According to a study conducted last year by my company, Xplenty, nearly one-third of business intelligence professionals say they spend between 50 and 90 percent of their time just cleaning raw data for analytics. As a result of valuable time and talent devoted to preparing data, businesses are often slow to unlock its insights or to act on them.
It’s also why accelerating “time-to-insight” has become today’s top data challenge. Here are four tips to shorten the time between data integration and analytics.
Before identifying and formalizing a data-collection process, you need to start with your business objectives in mind: What are the desired outcomes and goals? What problems do you want to address? These questions guide what data to collect and the subsequent integration process. As analytics expert Ram Chandrasekar said, “Find out what the top three or four problems are and how they map to the data that is within the company, the data outside the company, and the need to integrate them.”
As data’s value has grown clearer, the cost of data storage has been reduced, making collection easier than ever. Businesses can now collect all the data they can find. But without a hard focus and set limitations, more data does not enable greater insight. Instead, it only slows value extraction.
With a finite scope and a tight focus on specific goals and problems, you can begin to design your collection and integration process.
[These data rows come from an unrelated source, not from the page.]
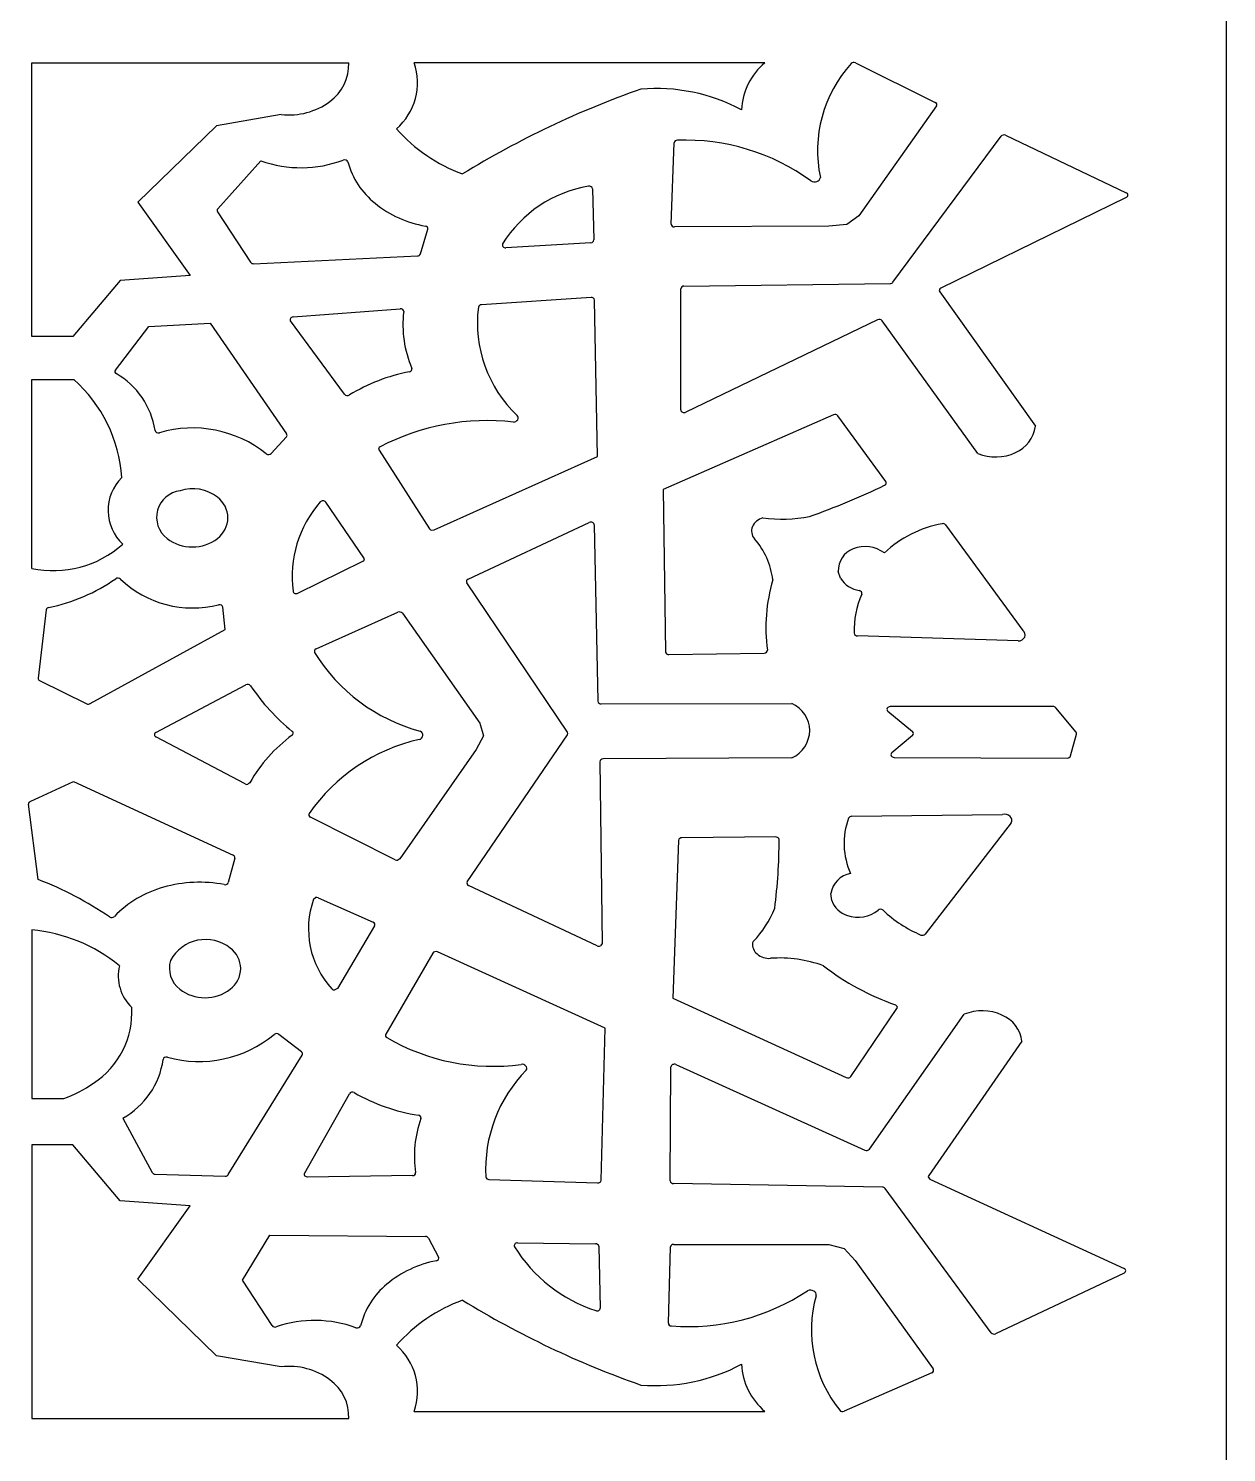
# Model space of a CAD drawing. Extents: x 0 to 1000, y 0 to 1000.
# Drawn here: x 858.7 to 1000, y 509.8 to 677.8 of the extents above; entities that cross this region are included whole.
import ezdxf

# ---------------------------------------------------------------- set-up
doc = ezdxf.new("R2010")
doc.units = 0
doc.layers.add('WHITE', color=7, linetype='CONTINUOUS')

msp = doc.modelspace()

# ---------------------------------------------------------------- linework, layer by layer
at = {"layer": 'WHITE', "linetype": 'Continuous'}
for p, q in [((1000, 0), (1000, 1000)), ((859.1211, 641.424), (859.1211, 673.7211)), ((859.1211, 673.7211), (896.4949, 673.7211)), ((945.5472, 673.7211), (904.2218, 673.7211)), ((956.2497, 673.7211), (965.6621, 669.0519)), ((888.5469, 667.619), (880.8933, 666.2972)), ((965.7963, 668.6234), (956.6321, 655.6833)), ((880.8933, 666.2972), (871.6208, 657.2852)), ((934.5245, 654.6786), (934.8719, 664.2671)), ((960.6641, 647.8407), (973.4144, 665.0549)), ((973.9411, 665.1644), (988.1691, 658.3895)), ((886.1418, 662.1487), (881.0503, 656.4776)), ((925.2494, 658.8615), (925.411, 652.8206)), ((871.6208, 657.2852), (877.8025, 648.6336)), ((988.1734, 657.8453), (966.3138, 647.1295)), ((881.0211, 656.1418), (884.9186, 650.1854)), ((956.6321, 655.6833), (955.2417, 654.6377)), ((904.9548, 651.1672), (905.8223, 654.0735)), ((953.1021, 654.4518), (934.9142, 654.3531)), ((955.2417, 654.6377), (953.1021, 654.4518)), ((925.0518, 652.4982), (915.0236, 651.901)), ((885.2826, 650.0187), (904.6008, 650.9264)), ((877.8025, 648.6336), (869.5601, 648.0327)), ((869.5601, 648.0327), (863.9672, 641.424)), ((935.6583, 632.7626), (935.6387, 647.0566)), ((936.0199, 647.373), (960.3389, 647.6882)), ((925.0648, 646.042), (912.1329, 645.1694)), ((925.822, 627.2541), (925.484, 645.7316)), ((966.1781, 646.6996), (977.4628, 630.8378)), ((889.9295, 643.7399), (902.5527, 644.7049)), ((868.9798, 637.4638), (872.9162, 642.6248)), ((872.9162, 642.6248), (880.1472, 642.9865)), ((880.1472, 642.9865), (889.1703, 629.9303)), ((896.0144, 634.6182), (889.634, 643.2619)), ((958.8644, 643.4088), (936.2429, 632.4907)), ((970.6743, 627.6136), (959.3956, 643.2967)), ((863.9672, 641.424), (859.1211, 641.424)), ((859.1211, 614.067), (859.1211, 636.3572)), ((859.1211, 636.3572), (864.079, 636.3572)), ((953.6583, 632.1999), (933.5763, 623.3882)), ((959.8222, 624.3058), (954.1749, 632.0827)), ((889.1436, 629.5861), (887.3564, 627.6253)), ((900.066, 628.0123), (906.0251, 618.7404)), ((906.5545, 618.6103), (925.822, 627.2541)), ((933.5763, 623.3882), (933.8562, 604.2246)), ((898.2935, 615.3345), (893.7945, 621.8851)), ((906.2562, 618.5847), (906.5545, 618.6103)), ((910.561, 612.8033), (924.8619, 619.4753)), ((925.4413, 619.2061), (925.8786, 598.3931)), ((966.8832, 619.1936), (975.9849, 606.7329)), ((890.511, 611.1388), (898.1559, 614.9093)), ((954.493153, 612.922722), (954.2251, 613.7049)), ((922.2993, 594.7544), (910.4138, 612.3761)), ((860.8382, 609.1901), (859.8592, 601.1311)), ((881.9308, 606.8758), (881.6432, 609.5041)), ((892.6382, 604.5734), (902.2976, 608.8936)), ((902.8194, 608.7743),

Opening the floodgates only adds time to an already onerous data-analysis process.
Select an Integration Platform that is Flexible, Elastic, and Scalable
An estimated 2.5 quintillion bytes of data are created on a daily basis worldwide. The volume and velocity of data are overwhelming. Given the always-shifting priorities and demands of big data, the possibilities (and potential for dead-end insights) are limitless.
When it comes to data, you are limited only by what you don’t collect (and, sometimes, the decision about what not to collect is more important than what you do choose to collect).